Now, legend has it that Michael Wood was a historian. Let's look at the evidence. Here are some pictures of historians through the ages:
Edward Gibbon
Eric Hobsbawm
And now, here's a purported photo of Michael Wood:
Clearly, this is not the portrait of a historian.
Then what is he?
Reading some of the other books to which his name was attached, I thought he might be a writer. This hypothesis still might hold true, if we argue that In Search of Myths & Heroes is mainly the work of later redactors, drawing together some common tropes in the Woodian corpus to make a reasonable but not, to the expert eye, totally convincing facsimile: viz, the recurring travel motif, the anecdotes of discomfort, the well-turned phrase. But, being the work of a redactor (or redactors - there may have been many involved in producing this text from within the Woodian community), it lacks the touches that confirm authenticity, in particular the overall sense that this narrative is going somewhere.
But if Michael Wood is a writer, then what to make of these supposed appearances on film and TV? I would like here to propose a hypothesis. What we see on screen is, in fact, a projection of the dreams and desires and hopes of the Woodian community that produced these texts: the shifting image (so like the chthonic world of the subconscious) coalesces to produce, for a fleeting hour, the ideal 'Michael Wood', that the Woodian community be reaffirmed in its commitment to its Woodian ideals. And thus the Woodian cult continues.

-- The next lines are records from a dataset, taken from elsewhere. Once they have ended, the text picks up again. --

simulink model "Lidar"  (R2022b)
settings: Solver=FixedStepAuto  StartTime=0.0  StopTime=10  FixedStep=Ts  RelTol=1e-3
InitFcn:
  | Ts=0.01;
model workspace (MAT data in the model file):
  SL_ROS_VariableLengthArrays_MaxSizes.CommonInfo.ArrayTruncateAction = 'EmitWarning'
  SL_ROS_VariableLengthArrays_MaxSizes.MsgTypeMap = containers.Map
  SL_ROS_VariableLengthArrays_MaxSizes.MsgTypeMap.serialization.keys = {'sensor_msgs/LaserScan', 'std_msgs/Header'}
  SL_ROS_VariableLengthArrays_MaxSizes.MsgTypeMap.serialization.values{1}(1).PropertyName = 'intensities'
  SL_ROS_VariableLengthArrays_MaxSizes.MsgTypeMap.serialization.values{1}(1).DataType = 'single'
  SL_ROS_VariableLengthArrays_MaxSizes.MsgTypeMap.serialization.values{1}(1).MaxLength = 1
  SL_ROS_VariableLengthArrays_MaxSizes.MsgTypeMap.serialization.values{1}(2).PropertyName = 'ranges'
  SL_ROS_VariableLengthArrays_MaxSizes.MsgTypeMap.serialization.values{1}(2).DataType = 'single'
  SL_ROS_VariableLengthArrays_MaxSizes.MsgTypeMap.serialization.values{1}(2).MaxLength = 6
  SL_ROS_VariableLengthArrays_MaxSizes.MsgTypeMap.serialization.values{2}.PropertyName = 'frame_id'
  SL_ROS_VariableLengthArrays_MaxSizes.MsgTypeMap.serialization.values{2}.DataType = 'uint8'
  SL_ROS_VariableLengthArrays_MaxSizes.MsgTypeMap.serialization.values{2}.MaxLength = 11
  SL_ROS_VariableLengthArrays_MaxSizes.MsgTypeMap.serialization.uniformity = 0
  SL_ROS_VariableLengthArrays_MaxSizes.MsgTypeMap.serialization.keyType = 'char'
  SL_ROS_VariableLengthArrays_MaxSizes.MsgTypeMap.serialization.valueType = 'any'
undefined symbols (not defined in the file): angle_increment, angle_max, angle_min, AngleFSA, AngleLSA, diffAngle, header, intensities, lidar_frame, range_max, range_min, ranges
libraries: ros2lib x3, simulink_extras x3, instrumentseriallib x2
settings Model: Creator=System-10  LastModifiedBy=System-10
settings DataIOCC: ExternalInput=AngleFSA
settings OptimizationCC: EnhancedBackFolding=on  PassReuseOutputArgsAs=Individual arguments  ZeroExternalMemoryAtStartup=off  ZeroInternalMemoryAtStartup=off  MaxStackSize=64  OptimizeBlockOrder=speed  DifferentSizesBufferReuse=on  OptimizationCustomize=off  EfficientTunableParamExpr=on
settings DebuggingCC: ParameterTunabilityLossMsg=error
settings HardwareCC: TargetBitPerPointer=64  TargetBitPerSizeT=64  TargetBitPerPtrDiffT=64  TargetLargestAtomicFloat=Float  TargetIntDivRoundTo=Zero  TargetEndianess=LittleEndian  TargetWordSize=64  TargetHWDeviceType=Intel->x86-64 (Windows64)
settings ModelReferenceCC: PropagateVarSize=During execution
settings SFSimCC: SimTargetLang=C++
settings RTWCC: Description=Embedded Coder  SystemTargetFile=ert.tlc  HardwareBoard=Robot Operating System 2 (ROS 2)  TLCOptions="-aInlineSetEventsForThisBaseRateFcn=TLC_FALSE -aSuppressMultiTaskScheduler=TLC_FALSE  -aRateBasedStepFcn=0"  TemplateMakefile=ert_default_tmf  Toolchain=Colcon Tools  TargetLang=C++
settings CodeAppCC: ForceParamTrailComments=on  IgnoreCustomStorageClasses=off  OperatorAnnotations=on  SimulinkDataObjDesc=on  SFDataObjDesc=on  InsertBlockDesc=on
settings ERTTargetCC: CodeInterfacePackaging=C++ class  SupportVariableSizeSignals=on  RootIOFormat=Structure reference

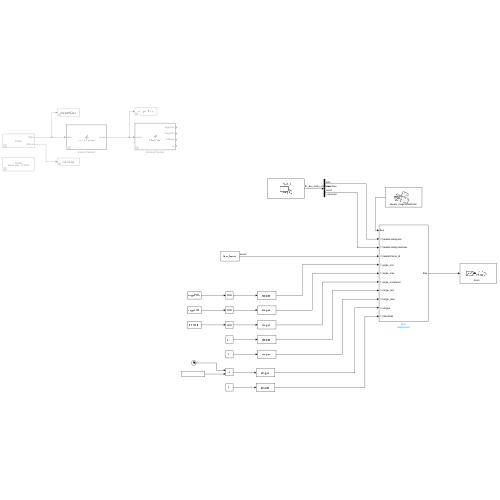
[thumbnail: Simulink's stored preview of the top-level diagram]
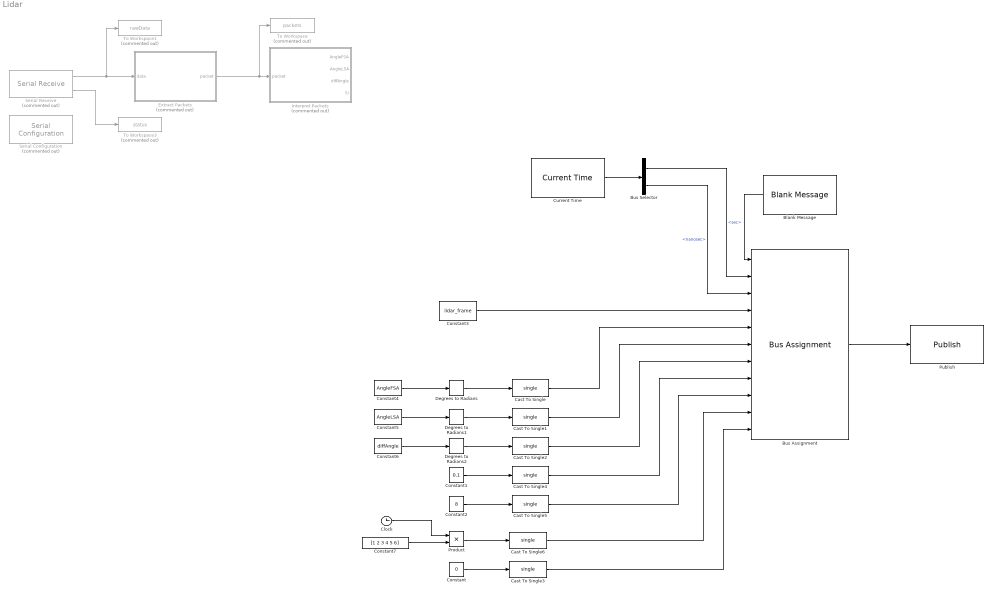
== system Lidar ==
  Blank Message : ros2lib/Blank Message  messageClass=Message  entityType=sensor_msgs/LaserScan  messageType=sensor_msgs/LaserScan  SampleTime=Ts
      settings: LibrarySourceBlock=roslib/ROS 2/Blank Message
  Bus Assignment : BusAssignment  AssignedSignals=header.stamp.sec,header.stamp.nanosec,header.frame_id,angle_min,angle_max,angle_increment,range_min,range_max,ranges,intensities
  Bus Selector : BusSelector  OutputSignals=sec,nanosec
  Cast To Single{,1..6} (7 alike) : DataTypeConversion  OutDataTypeStr=single  SaturateOnIntegerOverflow=off  RndMeth=Floor
  Clock : Clock
  Constant : Constant  Value=0
  Constant1 : Constant  Value=0.1
  Constant2 : Constant  Value=8
  Constant3 : Constant  Value=lidar_frame  VectorParams1D=off  OutDataTypeStr=uint8
  Constant4 : Constant  Value=AngleFSA
  Constant5 : Constant  Value=AngleLSA
  Constant6 : Constant  Value=diffAngle
  Constant7 : Constant  Value=[1 2 3 4 5 6]
  Current Time : ros2lib/Current Time  OutputFormat=bus  SampleTime=-1  ModelName=Lidar
      settings: LibrarySourceBlock=roslib/ROS 2/Current Time
  Degrees to Radians : simulink_extras/Transformations/Degrees to Radians
  Degrees to Radians1 : simulink_extras/Transformations/Degrees to Radians
  Degrees to Radians2 : simulink_extras/Transformations/Degrees to Radians
  Extract Packets : MATLAB Function  Commented=on  TreatAsAtomicUnit=on
  Interpret Packets : MATLAB Function  Commented=on  TreatAsAtomicUnit=on
  Product : Product
  Publish : ros2lib/Publish  topicSource=Specify your own  topic=/scan  messageType=sensor_msgs/LaserScan  QOSHistory=Keep last  QOSDepth=1  QOSReliability=Reliable  QOSDurability=Volatile
      settings: LibrarySourceBlock=roslib/ROS 2/Publish
  Serial Configuration : instrumentseriallib/Serial Configuration  Priority=-200000  Commented=on  PortSel=COM9  Port=COM9  ComPort=COM9  BaudRate=115200  DataBits=8  Parity=none  StopBits=1  ByteOrder=little-endian  FlowControl=none  Timeout=10  SimulateUsing=Interpreted execution  BlockInModel=on  aMode=1
  Serial Receive : instrumentseriallib/Serial Receive  Priority=1  Commented=on  PortSel=COM9  Port=COM9  ComPort=COM9  DataType=uint8  SaveDataType=uint8  ToggleHeader=off  Header=[170 85]  ToggleTerminator=off  Terminator=<none>  CustomTerminator=[]  InputFormat=Column major  ToggleDataSize=on  DataSize=[1 2000]  EnableBlockingMode=off  ActionDataUnavailable=Output last received value  ActionWhenDataUnavailable=Output last received value  CustomValue=111  SampleTime=Ts  SimulateUsing=Interpreted execution  BlockInModel=on  aMode=1
  To Workspace : ToWorkspace  Commented=on  VariableName=packets  SaveFormat=Timeseries  SampleTime=-1
  To Workspace1 : ToWorkspace  Commented=on  VariableName=rawData  SaveFormat=Structure  SampleTime=-1
      settings: Save2DSignal=2-D array (concatenate along first dimension)
  To Workspace3 : ToWorkspace  Commented=on  VariableName=status  SaveFormat=Structure  SampleTime=-1
      settings: Save2DSignal=2-D array (concatenate along first dimension)
  wires:
  Serial Receive/1 -> To Workspace1/1, Extract Packets/1(data)
  Serial Receive/2 -> To Workspace3/1
  Extract Packets/1(packet) -> Interpret Packets/1(packet), To Workspace/1
  Blank Message/1 -> Bus Assignment/1
  Cast To Single/1 -> Bus Assignment/5
  Cast To Single1/1 -> Bus Assignment/6
  Cast To Single2/1 -> Bus Assignment/7
  Constant/1 -> Cast To Single3/1
  Cast To Single3/1 -> Bus Assignment/11
  Cast To Single4/1 -> Bus Assignment/8
  Cast To Single5/1 -> Bus Assignment/9
  Constant1/1 -> Cast To Single4/1
  Constant2/1 -> Cast To Single5/1
  Cast To Single6/1 -> Bus Assignment/10
  Current Time/1 -> Bus Selector/1
  Bus Selector/1 -> Bus Assignment/2  "<sec>"
  Bus Selector/2 -> Bus Assignment/3  "<nanosec>"
  Bus Assignment/1 -> Publish/1
  Constant5/1 -> Degrees to Radians1/1
  Constant4/1 -> Degrees to Radians/1
  Constant6/1 -> Degrees to Radians2/1
  Constant7/1 -> Product/2
  Clock/1 -> Product/1
  Product/1 -> Cast To Single6/1
  Degrees to Radians2/1 -> Cast To Single2/1
  Degrees to Radians1/1 -> Cast To Single1/1
  Degrees to Radians/1 -> Cast To Single/1
  Constant3/1 -> Bus Assignment/4

== matlab function Lidar/Extract Packets ==
  data: data input; packet output double size=[100 100]
function packet = extractPackets(data)
    persistent indicesOfHeaders;
    persistent startIdx;
    persistent endIdx;
    persistent idx;
    persistent lastData;

    if isempty(lastData)
        lastData = uint8(zeros(1,size(data,2)));
    end

    if isempty(indicesOfHeaders) || ~isequal(data, lastData)
        
        indicesOfAA = find(data == 170);
        indicesOfHeaders = zeros(1, length(indicesOfAA)); 
        count = 0;
        
        startIdx = 0;
        endIdx = 0;
        idx = 0;

        for i = 1:length(indicesOfAA)
            if indicesOfAA(i) < length(data) && data(indicesOfAA(i) + 1) == 85
                count = count + 1;
                indicesOfHeaders(count) = indicesOfAA(i);
            end
        end

        indicesOfHeaders = indicesOfHeaders(1:count);
        lastData = data;      
    end
    
    if endIdx < indicesOfHeaders(end)
        idx = idx + 1;
        startIdx = indicesOfHeaders(idx);
        endIdx = indicesOfHeaders(idx+1);
        packet = double(data(startIdx:endIdx-1));
    else
        packet = [];
    end
end

== matlab function Lidar/Interpret Packets ==
  settings: sampleTime=0.01
  data: packet input; AngleFSA output; AngleLSA output; diffAngle output; Si output
function [AngleFSA, AngleLSA, diffAngle, Si] = interpreter(packet)

    AngleFSA = 0;
    AngleLSA = 0;
    diffAngle = 0;
    Si = zeros(1, 40);

    if size(packet, 2) < 90
        return;
    end

    FSA = double(bitor(bitshift(uint16(packet(1, 6)), 8), uint16(packet(1, 5)), 'uint16'));
    LSA = double(bitor(bitshift(uint16(packet(1, 8)), 8), uint16(packet(1, 7)), 'uint16'));
   
    AngleFSA = double(bitshift(FSA, -1) / 64);
    AngleLSA = double(bitshift(LSA, -1) / 64);
    diffAngle = mod((AngleLSA - AngleFSA),360);
    
    rawSi = uint8(packet(:, 11:end));

    for i = 1:2:length(rawSi)
        Si((i + 1) / 2) = double(bitor(bitshift(uint16(rawSi(1, i + 1)), 8), uint16(rawSi(1, i)), 'uint16'));
    end
    Si = Si / 4000;
end

It was Michael Wood's 'In Search of the Dark Ages', t.v. series and later the book that turned me on to all things 'Woody'. 'In Search of Myths and Heroes' was published, accompanying the BBC2 series, in 2005. There are four myths that Wood sets out in search of; Shangri-La, Jason and the Golden Fleece, The Queen of Sheba and Arthur:The Once and Future King. I have read around half a dozen of this authors books, each one has been classed with four stars. 'Myths and Heroes' is a slight departure into a more fanciful and nebulous set of expeditions. As a post-graduate in Anglo-Saxon history, Wood is more at home on the latter topic, in providing a comprehensive overview of the dark age shadow of Arthur/Ambrosius. Yet, as written in his Introduction these stories "are largely the invention of many generations of story-tellers; but my search for them took me on real journeys to real places, to the living descendants of the ancient cultures that produced the stories." The book is wonderfully illustrated by photographs, particularly those of Steve Razzetti.
I really enjoyed this book; I checked it out specifically because if the chapters on Arthur and the Queen of Sheba. These were very well written and explored many theories related t the myths. I was less interested in Shangri-La and Jason, but they were still well done and interesting.